Входит в гости Кьеркегор,
жизнь опять кого-то мучит.
Нерадивый Пифагор
неуд свой опять получит.
Но зато никто из них
нож на ближнего не точит.
Учит прозу, учит стих
и о будущем хлопочет.
Видно, жизнь не удалась.
Стыдно слушать этот лепет.
Неужели снова в класс,
снова в школу, в страх и в трепет?!
***
Когда сияет жизнь в твоих глазах,
как золото портьер в картинах у Ван-Дейка,
когда лежит весь мир в таинственных слезах, –
о нет, тогда не скажешь: «Жизнь – копейка!»

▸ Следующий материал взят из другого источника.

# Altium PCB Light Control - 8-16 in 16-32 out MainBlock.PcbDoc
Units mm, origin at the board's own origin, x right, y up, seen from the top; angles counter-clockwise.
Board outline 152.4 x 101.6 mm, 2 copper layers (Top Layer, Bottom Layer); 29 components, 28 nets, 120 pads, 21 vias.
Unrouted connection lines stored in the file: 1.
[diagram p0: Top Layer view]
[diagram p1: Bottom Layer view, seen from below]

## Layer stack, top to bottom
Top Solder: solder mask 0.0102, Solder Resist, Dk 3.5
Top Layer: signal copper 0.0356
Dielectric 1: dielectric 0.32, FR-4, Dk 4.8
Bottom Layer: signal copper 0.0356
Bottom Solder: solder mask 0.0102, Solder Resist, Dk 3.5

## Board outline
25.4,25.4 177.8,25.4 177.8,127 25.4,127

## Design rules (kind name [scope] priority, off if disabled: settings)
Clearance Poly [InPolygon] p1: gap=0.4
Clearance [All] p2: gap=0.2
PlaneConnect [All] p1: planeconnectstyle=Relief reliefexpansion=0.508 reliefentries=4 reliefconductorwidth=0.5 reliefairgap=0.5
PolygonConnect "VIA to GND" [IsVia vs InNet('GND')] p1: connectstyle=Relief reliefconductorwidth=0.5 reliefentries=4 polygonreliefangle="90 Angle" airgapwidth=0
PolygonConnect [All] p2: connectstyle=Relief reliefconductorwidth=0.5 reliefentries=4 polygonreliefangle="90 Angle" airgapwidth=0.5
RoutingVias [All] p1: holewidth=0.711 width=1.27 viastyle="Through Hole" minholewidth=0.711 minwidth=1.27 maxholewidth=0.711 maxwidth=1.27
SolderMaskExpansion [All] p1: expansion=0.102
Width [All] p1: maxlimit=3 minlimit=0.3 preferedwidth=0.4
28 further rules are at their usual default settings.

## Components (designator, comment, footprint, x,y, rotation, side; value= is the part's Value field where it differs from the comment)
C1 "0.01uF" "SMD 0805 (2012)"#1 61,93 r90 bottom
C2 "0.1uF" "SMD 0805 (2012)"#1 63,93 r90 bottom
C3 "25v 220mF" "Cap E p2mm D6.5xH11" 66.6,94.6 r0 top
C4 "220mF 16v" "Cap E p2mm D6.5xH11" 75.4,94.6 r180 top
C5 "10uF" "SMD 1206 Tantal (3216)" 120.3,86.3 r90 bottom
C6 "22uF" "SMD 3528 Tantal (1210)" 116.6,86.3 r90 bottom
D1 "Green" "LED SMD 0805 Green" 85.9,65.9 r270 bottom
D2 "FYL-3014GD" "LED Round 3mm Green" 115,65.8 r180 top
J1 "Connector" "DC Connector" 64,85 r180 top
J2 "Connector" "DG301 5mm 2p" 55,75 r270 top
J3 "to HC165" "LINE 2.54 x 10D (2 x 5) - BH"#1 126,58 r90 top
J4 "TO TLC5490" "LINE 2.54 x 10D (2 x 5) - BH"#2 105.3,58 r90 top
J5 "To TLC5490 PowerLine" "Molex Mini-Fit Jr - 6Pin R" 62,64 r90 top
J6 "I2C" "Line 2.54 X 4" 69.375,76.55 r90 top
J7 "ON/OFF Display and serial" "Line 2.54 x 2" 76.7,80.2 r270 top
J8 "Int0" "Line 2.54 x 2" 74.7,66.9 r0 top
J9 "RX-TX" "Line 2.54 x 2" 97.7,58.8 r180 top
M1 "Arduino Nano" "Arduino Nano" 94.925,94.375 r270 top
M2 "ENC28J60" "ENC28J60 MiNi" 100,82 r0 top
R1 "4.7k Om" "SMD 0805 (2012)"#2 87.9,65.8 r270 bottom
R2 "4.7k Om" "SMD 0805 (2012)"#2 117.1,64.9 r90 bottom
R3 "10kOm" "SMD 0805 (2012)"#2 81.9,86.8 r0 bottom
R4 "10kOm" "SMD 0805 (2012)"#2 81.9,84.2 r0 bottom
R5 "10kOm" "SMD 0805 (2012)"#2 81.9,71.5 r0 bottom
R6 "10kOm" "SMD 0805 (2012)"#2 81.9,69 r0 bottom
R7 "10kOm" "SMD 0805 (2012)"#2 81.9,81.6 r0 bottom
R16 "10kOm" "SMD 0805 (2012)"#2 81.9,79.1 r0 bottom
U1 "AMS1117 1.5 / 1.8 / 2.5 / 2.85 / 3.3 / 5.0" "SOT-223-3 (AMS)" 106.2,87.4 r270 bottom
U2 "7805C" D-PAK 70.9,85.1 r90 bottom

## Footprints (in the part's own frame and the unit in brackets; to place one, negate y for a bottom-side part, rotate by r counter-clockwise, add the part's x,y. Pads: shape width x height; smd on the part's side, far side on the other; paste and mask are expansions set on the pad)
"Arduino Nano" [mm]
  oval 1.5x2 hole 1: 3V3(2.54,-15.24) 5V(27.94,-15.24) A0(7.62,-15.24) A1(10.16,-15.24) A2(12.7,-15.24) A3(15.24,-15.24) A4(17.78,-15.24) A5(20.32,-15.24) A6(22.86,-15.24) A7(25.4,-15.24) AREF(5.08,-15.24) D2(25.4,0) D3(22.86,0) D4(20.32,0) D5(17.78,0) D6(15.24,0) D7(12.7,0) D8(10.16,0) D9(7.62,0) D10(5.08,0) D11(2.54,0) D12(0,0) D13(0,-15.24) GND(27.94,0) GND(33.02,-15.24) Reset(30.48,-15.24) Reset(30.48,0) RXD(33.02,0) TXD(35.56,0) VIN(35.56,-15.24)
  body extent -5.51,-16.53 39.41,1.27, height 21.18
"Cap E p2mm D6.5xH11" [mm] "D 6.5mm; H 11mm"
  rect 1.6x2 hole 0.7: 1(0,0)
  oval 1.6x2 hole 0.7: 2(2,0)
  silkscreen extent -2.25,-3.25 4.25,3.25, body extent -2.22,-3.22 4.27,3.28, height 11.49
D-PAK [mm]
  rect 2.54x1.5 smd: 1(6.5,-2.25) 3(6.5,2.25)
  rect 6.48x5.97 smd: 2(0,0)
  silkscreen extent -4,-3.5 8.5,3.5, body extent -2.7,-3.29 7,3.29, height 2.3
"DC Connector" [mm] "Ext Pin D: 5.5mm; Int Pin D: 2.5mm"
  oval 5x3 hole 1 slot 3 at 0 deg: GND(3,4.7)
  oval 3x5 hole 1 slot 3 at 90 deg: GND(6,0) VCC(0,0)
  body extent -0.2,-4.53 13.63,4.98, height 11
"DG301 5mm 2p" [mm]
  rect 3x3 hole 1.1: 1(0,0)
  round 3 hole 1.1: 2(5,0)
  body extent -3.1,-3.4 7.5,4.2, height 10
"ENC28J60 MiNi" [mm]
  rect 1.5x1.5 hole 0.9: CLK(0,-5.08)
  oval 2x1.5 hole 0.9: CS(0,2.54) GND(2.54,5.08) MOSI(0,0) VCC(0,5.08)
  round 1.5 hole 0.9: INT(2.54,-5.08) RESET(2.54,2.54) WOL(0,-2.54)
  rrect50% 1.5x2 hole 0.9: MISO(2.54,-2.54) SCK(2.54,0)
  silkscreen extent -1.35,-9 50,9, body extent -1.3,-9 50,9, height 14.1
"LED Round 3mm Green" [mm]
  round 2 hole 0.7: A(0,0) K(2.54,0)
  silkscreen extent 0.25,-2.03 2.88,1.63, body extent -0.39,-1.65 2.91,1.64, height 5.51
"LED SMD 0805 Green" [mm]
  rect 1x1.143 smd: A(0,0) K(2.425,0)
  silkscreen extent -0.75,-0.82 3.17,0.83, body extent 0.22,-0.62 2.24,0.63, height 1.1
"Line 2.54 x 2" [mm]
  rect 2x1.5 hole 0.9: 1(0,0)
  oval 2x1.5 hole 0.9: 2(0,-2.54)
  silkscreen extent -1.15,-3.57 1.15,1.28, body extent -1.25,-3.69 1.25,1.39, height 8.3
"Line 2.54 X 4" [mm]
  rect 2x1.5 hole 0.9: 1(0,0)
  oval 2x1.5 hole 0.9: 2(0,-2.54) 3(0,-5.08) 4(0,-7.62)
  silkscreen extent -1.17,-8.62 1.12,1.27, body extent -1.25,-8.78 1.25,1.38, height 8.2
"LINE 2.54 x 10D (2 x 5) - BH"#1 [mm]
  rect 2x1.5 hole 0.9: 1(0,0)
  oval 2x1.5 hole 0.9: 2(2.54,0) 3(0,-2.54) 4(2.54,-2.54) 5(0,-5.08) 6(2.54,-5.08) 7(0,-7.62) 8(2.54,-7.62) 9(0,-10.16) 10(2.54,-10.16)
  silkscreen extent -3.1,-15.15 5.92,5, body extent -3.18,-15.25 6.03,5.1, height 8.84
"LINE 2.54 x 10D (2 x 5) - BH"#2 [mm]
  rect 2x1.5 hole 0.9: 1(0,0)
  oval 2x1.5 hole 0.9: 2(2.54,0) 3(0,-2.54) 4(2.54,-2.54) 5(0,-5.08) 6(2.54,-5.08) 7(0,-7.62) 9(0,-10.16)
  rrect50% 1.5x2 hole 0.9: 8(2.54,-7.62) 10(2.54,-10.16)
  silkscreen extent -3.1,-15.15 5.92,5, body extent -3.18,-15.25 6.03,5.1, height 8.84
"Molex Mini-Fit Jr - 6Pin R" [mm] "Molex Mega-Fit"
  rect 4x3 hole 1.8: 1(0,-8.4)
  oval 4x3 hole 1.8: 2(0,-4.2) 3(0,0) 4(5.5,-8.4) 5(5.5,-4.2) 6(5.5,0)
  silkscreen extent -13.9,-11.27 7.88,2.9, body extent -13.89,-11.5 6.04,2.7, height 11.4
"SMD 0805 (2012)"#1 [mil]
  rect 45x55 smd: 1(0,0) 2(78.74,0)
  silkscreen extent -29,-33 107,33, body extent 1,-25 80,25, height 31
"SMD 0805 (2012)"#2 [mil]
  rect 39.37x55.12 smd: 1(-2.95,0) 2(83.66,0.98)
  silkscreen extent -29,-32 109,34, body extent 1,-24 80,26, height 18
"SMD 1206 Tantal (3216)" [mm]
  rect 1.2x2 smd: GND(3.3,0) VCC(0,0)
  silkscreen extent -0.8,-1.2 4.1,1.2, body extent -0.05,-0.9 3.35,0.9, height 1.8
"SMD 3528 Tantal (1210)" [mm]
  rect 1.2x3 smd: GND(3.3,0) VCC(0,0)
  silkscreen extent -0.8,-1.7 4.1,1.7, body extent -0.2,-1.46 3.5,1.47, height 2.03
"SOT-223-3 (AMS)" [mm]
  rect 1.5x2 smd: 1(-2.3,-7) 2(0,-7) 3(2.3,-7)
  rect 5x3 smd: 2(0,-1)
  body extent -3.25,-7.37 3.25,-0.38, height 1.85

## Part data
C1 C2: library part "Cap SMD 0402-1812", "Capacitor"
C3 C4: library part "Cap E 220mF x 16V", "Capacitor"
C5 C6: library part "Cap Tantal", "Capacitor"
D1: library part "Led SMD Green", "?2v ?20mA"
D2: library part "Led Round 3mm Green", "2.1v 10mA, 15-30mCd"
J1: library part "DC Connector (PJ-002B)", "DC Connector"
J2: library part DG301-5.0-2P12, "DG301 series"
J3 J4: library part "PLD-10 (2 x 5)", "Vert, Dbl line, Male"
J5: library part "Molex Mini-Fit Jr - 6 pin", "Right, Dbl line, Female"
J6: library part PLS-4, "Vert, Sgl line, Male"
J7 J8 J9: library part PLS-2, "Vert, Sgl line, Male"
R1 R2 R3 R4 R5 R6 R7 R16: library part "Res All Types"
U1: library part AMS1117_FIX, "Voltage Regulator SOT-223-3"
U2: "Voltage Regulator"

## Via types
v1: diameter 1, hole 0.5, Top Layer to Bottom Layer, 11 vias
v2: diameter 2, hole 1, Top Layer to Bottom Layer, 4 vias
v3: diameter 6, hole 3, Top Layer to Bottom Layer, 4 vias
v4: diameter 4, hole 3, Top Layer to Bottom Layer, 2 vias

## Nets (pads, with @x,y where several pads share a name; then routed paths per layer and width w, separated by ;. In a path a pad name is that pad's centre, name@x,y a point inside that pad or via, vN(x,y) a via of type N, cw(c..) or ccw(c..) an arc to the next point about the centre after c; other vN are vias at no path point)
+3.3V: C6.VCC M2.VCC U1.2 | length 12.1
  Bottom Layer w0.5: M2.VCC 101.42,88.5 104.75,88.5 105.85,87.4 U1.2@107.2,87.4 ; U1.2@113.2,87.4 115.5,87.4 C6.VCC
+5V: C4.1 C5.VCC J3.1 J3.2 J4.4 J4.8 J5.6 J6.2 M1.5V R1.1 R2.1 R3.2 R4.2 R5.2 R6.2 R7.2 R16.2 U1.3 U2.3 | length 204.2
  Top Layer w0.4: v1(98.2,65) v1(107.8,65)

Но стоит ледяным ветрам подуть –
и ты увидишь, как тебя завертит…
Страшись забыться, берегись уснуть –
и пишешь, и живёшь, и спишь на грани смерти.
***
Опять дожди, опять тревога,
опять далёкая дорога
и рельс холодная тоска…
В окно вагона дождик колкий.
Свернёшься на последней полке,
вздремнёшь, пожалуй… Ночь близка.
Не спится. Мы всё также едем,
своей отчизной так же бредим,
состав всё так же в ливень мчит.
Мелькают огоньки во мраке,
и паровозы, как собаки,
перекликаются в ночи.
***
Там, где Еврейская больница,
весна, как раненая птица,
в операционную стучится.
В халате белом няня мчится.
Прохожий еле шевелится
и замирает на ходу –
и то, что на его роду
написано, должно случиться
в пургой засыпанном году.
Пока я медленно бреду
по опозоренному льду,
мне что-то видится (иль снится):
графиня там бежит к пруду
в каком-то пламенном бреду,
Толстой, как встрепанная птица,
стоит на пасмурном ветру…
Метель последняя кружится,
и мерзнет в северной столице
чугунный памятник Петру
(я знаю, это не к добру).
Ну что ещё должно случиться
в стране иль в полночь, иль к утру?
Молчи. Не стоит торопиться…
Не спит Еврейская больница.
Пока я жив, я не умру.
НАМ СНИТСЯ ЕРУШАЛАИМ
Когда замелькает февраль
и снежные лапы окраин
обнимут кварталы зимы –
начнутся великие сны,
и мальчик по имени Хаим
откроет ворота тюрьмы,
и крикнут народы: «Лехаим!»
Тогда мы на лире сыграем,
тогда просветлеют умы.
Пока мы над высью порхаем,
над глыбами мрака и тьмы,
сквозь сумерки грозной зимы,
от самых ворот, от Москвы
до самых далёких окраин,
идет по стране как хозяин
двоюродный брат сатаны –
предвестник сумы и тюрьмы,
не Авель, а брат его Каин.
Кто скажет, что это не мы
в ответе за козни зимы,
за грозные лапы окраин,
в которых погрязли умы, –
в угрюмых краях Колымы,
в Рязани, в Казани, в Перми.
В объятьях родимой земли
нам снится Ерушалаим,
нам видятся вещие сны.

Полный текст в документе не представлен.